Exact copy, no pictures: output each line below as it stands.

◆ Available data
☆ ☆ ☆ ☆ ☆

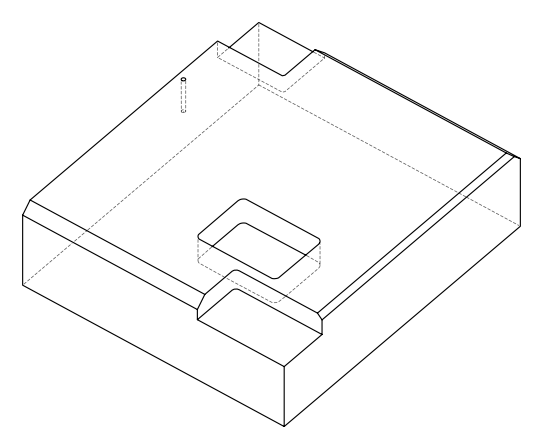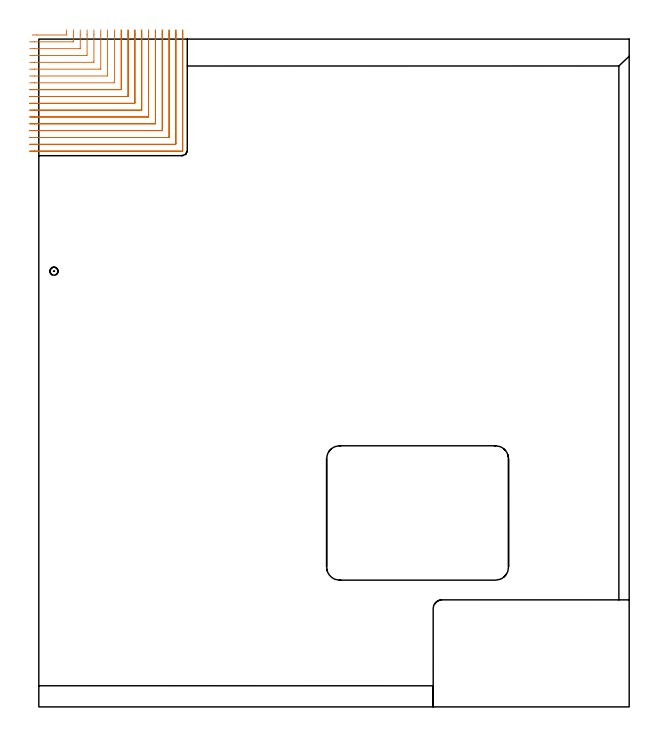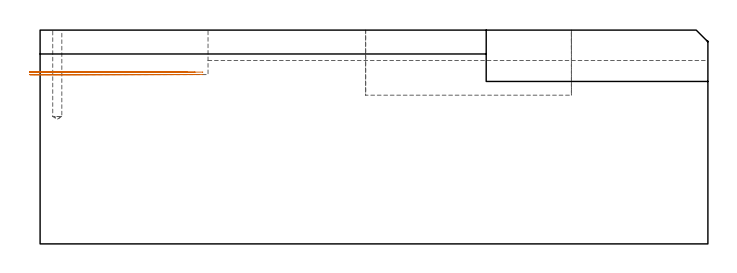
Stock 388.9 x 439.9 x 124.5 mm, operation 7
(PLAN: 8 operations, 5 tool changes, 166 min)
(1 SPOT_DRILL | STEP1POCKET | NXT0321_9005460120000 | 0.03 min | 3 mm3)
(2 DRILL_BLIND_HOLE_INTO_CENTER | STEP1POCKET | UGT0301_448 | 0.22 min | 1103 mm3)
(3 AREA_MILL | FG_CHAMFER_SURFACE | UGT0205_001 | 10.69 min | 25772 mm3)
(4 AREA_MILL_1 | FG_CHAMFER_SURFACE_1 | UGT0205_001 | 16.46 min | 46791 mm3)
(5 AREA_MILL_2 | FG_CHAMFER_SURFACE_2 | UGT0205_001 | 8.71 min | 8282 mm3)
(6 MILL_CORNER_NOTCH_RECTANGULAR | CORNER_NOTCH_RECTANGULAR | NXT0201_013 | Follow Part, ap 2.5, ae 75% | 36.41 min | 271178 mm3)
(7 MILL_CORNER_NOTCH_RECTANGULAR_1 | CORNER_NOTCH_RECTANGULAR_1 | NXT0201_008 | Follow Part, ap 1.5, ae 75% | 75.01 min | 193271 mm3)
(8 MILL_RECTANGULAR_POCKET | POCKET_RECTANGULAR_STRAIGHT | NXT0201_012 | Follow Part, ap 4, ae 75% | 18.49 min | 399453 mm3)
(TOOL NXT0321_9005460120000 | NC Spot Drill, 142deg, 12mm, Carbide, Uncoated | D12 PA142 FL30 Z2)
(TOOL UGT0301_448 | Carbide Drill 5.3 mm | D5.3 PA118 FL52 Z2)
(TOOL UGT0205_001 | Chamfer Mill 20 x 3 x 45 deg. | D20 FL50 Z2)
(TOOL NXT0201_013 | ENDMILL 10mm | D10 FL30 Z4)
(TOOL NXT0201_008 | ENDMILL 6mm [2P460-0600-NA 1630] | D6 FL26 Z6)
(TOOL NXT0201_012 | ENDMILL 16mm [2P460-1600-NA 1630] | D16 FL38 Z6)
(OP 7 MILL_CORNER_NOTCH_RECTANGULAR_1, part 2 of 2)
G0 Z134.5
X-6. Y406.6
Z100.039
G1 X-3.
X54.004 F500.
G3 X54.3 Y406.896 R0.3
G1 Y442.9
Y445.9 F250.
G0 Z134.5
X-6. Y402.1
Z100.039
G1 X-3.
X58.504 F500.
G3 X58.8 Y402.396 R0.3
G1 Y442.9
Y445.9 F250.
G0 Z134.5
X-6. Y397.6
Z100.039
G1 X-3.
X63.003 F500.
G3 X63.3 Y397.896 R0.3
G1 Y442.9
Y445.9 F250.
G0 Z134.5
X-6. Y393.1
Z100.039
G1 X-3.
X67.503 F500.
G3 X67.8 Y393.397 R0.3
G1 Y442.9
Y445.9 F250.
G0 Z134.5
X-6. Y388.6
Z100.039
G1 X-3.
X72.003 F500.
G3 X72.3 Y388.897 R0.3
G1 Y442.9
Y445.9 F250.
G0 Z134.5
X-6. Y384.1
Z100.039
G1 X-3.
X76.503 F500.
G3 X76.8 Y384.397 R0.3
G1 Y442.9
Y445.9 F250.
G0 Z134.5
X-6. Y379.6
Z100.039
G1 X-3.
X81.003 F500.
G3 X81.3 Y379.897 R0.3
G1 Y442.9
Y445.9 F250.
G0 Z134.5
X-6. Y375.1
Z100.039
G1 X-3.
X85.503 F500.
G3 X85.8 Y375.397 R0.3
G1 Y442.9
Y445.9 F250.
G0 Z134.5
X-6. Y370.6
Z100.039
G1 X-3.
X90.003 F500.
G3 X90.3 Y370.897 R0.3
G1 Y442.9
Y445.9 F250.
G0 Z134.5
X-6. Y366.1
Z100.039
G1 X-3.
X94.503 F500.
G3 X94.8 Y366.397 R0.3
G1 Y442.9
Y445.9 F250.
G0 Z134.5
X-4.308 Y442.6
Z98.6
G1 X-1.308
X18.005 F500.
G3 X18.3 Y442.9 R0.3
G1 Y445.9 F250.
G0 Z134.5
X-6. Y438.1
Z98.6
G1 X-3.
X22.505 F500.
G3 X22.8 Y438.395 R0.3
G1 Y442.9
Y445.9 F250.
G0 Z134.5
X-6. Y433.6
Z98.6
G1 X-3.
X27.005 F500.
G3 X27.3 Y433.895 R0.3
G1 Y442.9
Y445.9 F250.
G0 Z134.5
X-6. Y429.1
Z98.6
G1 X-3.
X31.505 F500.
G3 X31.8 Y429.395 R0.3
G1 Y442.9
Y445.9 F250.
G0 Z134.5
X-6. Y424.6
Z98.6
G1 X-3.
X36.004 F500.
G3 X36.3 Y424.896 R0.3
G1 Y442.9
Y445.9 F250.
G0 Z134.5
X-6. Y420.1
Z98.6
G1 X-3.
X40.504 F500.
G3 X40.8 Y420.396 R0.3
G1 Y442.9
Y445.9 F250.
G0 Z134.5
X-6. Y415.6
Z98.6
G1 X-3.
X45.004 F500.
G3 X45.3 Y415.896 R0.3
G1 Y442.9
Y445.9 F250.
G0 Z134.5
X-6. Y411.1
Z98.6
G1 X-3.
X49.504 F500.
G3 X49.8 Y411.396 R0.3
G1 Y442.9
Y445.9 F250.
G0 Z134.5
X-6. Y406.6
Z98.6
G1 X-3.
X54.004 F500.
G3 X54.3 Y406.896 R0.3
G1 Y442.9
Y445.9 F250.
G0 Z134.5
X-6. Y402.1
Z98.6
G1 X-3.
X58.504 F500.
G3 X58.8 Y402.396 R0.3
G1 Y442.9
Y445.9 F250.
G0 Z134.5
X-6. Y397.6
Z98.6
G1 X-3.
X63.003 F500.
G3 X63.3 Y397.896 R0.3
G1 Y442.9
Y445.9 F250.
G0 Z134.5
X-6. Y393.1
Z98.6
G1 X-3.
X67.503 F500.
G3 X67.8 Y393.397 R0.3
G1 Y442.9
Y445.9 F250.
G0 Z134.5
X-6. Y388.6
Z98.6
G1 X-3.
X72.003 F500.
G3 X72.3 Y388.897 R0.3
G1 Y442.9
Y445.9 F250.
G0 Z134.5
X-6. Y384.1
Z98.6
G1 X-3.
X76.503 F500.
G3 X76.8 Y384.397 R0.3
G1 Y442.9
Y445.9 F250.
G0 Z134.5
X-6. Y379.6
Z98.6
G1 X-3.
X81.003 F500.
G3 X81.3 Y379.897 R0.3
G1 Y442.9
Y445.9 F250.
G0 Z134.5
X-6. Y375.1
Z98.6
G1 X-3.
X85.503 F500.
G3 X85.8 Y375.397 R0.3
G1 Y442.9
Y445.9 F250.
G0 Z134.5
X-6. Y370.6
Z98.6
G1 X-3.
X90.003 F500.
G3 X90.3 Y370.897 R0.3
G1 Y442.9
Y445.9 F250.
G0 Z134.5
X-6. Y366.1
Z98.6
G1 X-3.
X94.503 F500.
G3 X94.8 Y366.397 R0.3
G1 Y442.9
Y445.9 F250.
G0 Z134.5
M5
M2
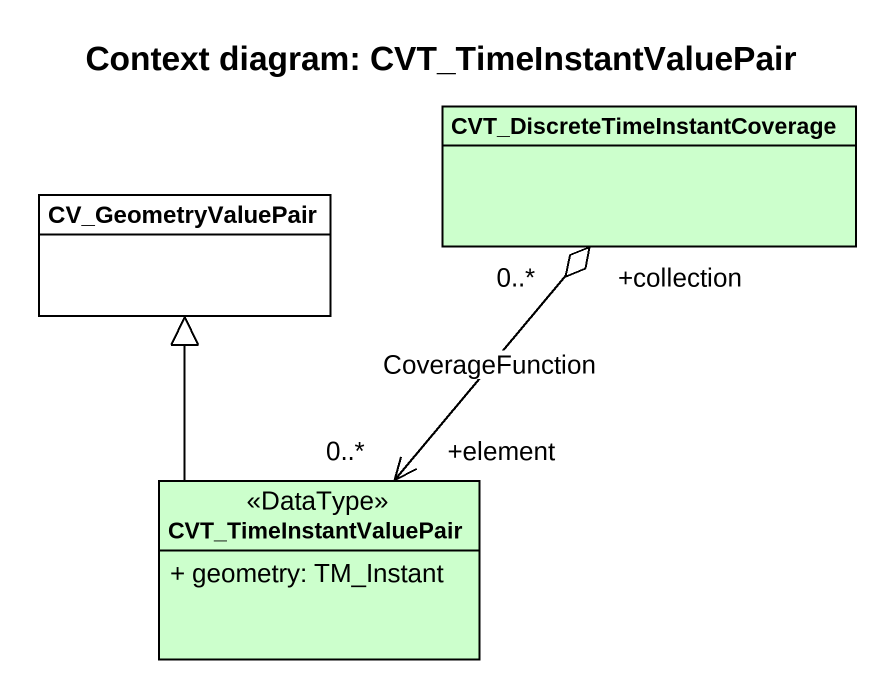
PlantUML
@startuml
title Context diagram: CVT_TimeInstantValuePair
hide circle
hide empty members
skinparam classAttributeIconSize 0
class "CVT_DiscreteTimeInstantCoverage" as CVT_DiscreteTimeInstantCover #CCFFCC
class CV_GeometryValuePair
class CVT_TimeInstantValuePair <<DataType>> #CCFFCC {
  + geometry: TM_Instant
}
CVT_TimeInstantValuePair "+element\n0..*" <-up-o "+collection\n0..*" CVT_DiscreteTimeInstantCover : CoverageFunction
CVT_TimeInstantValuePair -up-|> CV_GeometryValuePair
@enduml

☆ ☆ ☆ ☆ ☆

◆ Task output
Stock 388.9 x 439.9 x 124.5 mm, operation 7
(PLAN: 8 operations, 5 tool changes, 166 min)
(1 SPOT_DRILL | STEP1POCKET | NXT0321_9005460120000 | 0.03 min | 3 mm3)
(2 DRILL_BLIND_HOLE_INTO_CENTER | STEP1POCKET | UGT0301_448 | 0.22 min | 1103 mm3)
(3 AREA_MILL | FG_CHAMFER_SURFACE | UGT0205_001 | 10.69 min | 25772 mm3)
(4 AREA_MILL_1 | FG_CHAMFER_SURFACE_1 | UGT0205_001 | 16.46 min | 46791 mm3)
(5 AREA_MILL_2 | FG_CHAMFER_SURFACE_2 | UGT0205_001 | 8.71 min | 8282 mm3)
(6 MILL_CORNER_NOTCH_RECTANGULAR | CORNER_NOTCH_RECTANGULAR | NXT0201_013 | Follow Part, ap 2.5, ae 75% | 36.41 min | 271178 mm3)
(7 MILL_CORNER_NOTCH_RECTANGULAR_1 | CORNER_NOTCH_RECTANGULAR_1 | NXT0201_008 | Follow Part, ap 1.5, ae 75% | 75.01 min | 193271 mm3)
(8 MILL_RECTANGULAR_POCKET | POCKET_RECTANGULAR_STRAIGHT | NXT0201_012 | Follow Part, ap 4, ae 75% | 18.49 min | 399453 mm3)
(TOOL NXT0321_9005460120000 | NC Spot Drill, 142deg, 12mm, Carbide, Uncoated | D12 PA142 FL30 Z2)
(TOOL UGT0301_448 | Carbide Drill 5.3 mm | D5.3 PA118 FL52 Z2)
(TOOL UGT0205_001 | Chamfer Mill 20 x 3 x 45 deg. | D20 FL50 Z2)
(TOOL NXT0201_013 | ENDMILL 10mm | D10 FL30 Z4)
(TOOL NXT0201_008 | ENDMILL 6mm [2P460-0600-NA 1630] | D6 FL26 Z6)
(TOOL NXT0201_012 | ENDMILL 16mm [2P460-1600-NA 1630] | D16 FL38 Z6)
(OP 7 MILL_CORNER_NOTCH_RECTANGULAR_1, part 2 of 2)
G0 Z134.5
X-6. Y406.6
Z100.039
G1 X-3.
X54.004 F500.
G3 X54.3 Y406.896 R0.3
G1 Y442.9
Y445.9 F250.
G0 Z134.5
X-6. Y402.1
Z100.039
G1 X-3.
X58.504 F500.
G3 X58.8 Y402.396 R0.3
G1 Y442.9
Y445.9 F250.
G0 Z134.5
X-6. Y397.6
Z100.039
G1 X-3.
X63.003 F500.
G3 X63.3 Y397.896 R0.3
G1 Y442.9
Y445.9 F250.
G0 Z134.5
X-6. Y393.1
Z100.039
G1 X-3.
X67.503 F500.
G3 X67.8 Y393.397 R0.3
G1 Y442.9
Y445.9 F250.
G0 Z134.5
X-6. Y388.6
Z100.039
G1 X-3.
X72.003 F500.
G3 X72.3 Y388.897 R0.3
G1 Y442.9
Y445.9 F250.
G0 Z134.5
X-6. Y384.1
Z100.039
G1 X-3.
X76.503 F500.
G3 X76.8 Y384.397 R0.3
G1 Y442.9
Y445.9 F250.
G0 Z134.5
X-6. Y379.6
Z100.039
G1 X-3.
X81.003 F500.
G3 X81.3 Y379.897 R0.3
G1 Y442.9
Y445.9 F250.
G0 Z134.5
X-6. Y375.1
Z100.039
G1 X-3.
X85.503 F500.
G3 X85.8 Y375.397 R0.3
G1 Y442.9
Y445.9 F250.
G0 Z134.5
X-6. Y370.6
Z100.039
G1 X-3.
X90.003 F500.
G3 X90.3 Y370.897 R0.3
G1 Y442.9
Y445.9 F250.
G0 Z134.5
X-6. Y366.1
Z100.039
G1 X-3.
X94.503 F500.
G3 X94.8 Y366.397 R0.3
G1 Y442.9
Y445.9 F250.
G0 Z134.5
X-4.308 Y442.6
Z98.6
G1 X-1.308
X18.005 F500.
G3 X18.3 Y442.9 R0.3
G1 Y445.9 F250.
G0 Z134.5
X-6. Y438.1
Z98.6
G1 X-3.
X22.505 F500.
G3 X22.8 Y438.395 R0.3
G1 Y442.9
Y445.9 F250.
G0 Z134.5
X-6. Y433.6
Z98.6
G1 X-3.
X27.005 F500.
G3 X27.3 Y433.895 R0.3
G1 Y442.9
Y445.9 F250.
G0 Z134.5
X-6. Y429.1
Z98.6
G1 X-3.
X31.505 F500.
G3 X31.8 Y429.395 R0.3
G1 Y442.9
Y445.9 F250.
G0 Z134.5
X-6. Y424.6
Z98.6
G1 X-3.
X36.004 F500.
G3 X36.3 Y424.896 R0.3
G1 Y442.9
Y445.9 F250.
G0 Z134.5
X-6. Y420.1
Z98.6
G1 X-3.
X40.504 F500.
G3 X40.8 Y420.396 R0.3
G1 Y442.9
Y445.9 F250.
G0 Z134.5
X-6. Y415.6
Z98.6
G1 X-3.
X45.004 F500.
G3 X45.3 Y415.896 R0.3
G1 Y442.9
Y445.9 F250.
G0 Z134.5
X-6. Y411.1
Z98.6
G1 X-3.
X49.504 F500.
G3 X49.8 Y411.396 R0.3
G1 Y442.9
Y445.9 F250.
G0 Z134.5
X-6. Y406.6
Z98.6
G1 X-3.
X54.004 F500.
G3 X54.3 Y406.896 R0.3
G1 Y442.9
Y445.9 F250.
G0 Z134.5
X-6. Y402.1
Z98.6
G1 X-3.
X58.504 F500.
G3 X58.8 Y402.396 R0.3
G1 Y442.9
Y445.9 F250.
G0 Z134.5
X-6. Y397.6
Z98.6
G1 X-3.
X63.003 F500.
G3 X63.3 Y397.896 R0.3
G1 Y442.9
Y445.9 F250.
G0 Z134.5
X-6. Y393.1
Z98.6
G1 X-3.
X67.503 F500.
G3 X67.8 Y393.397 R0.3
G1 Y442.9
Y445.9 F250.
G0 Z134.5
X-6. Y388.6
Z98.6
G1 X-3.
X72.003 F500.
G3 X72.3 Y388.897 R0.3
G1 Y442.9
Y445.9 F250.
G0 Z134.5
X-6. Y384.1
Z98.6
G1 X-3.
X76.503 F500.
G3 X76.8 Y384.397 R0.3
G1 Y442.9
Y445.9 F250.
G0 Z134.5
X-6. Y379.6
Z98.6
G1 X-3.
X81.003 F500.
G3 X81.3 Y379.897 R0.3
G1 Y442.9
Y445.9 F250.
G0 Z134.5
X-6. Y375.1
Z98.6
G1 X-3.
X85.503 F500.
G3 X85.8 Y375.397 R0.3
G1 Y442.9
Y445.9 F250.
G0 Z134.5
X-6. Y370.6
Z98.6
G1 X-3.
X90.003 F500.
G3 X90.3 Y370.897 R0.3
G1 Y442.9
Y445.9 F250.
G0 Z134.5
X-6. Y366.1
Z98.6
G1 X-3.
X94.503 F500.
G3 X94.8 Y366.397 R0.3
G1 Y442.9
Y445.9 F250.
G0 Z134.5
M5
M2
PlantUML
@startuml
title Context diagram: CVT_TimeInstantValuePair
hide circle
hide empty members
skinparam classAttributeIconSize 0
class "CVT_DiscreteTimeInstantCoverage" as CVT_DiscreteTimeInstantCover #CCFFCC
class CV_GeometryValuePair
class CVT_TimeInstantValuePair <<DataType>> #CCFFCC {
  + geometry: TM_Instant
}
CVT_TimeInstantValuePair "+element\n0..*" <-up-o "+collection\n0..*" CVT_DiscreteTimeInstantCover : CoverageFunction
CVT_TimeInstantValuePair -up-|> CV_GeometryValuePair
@enduml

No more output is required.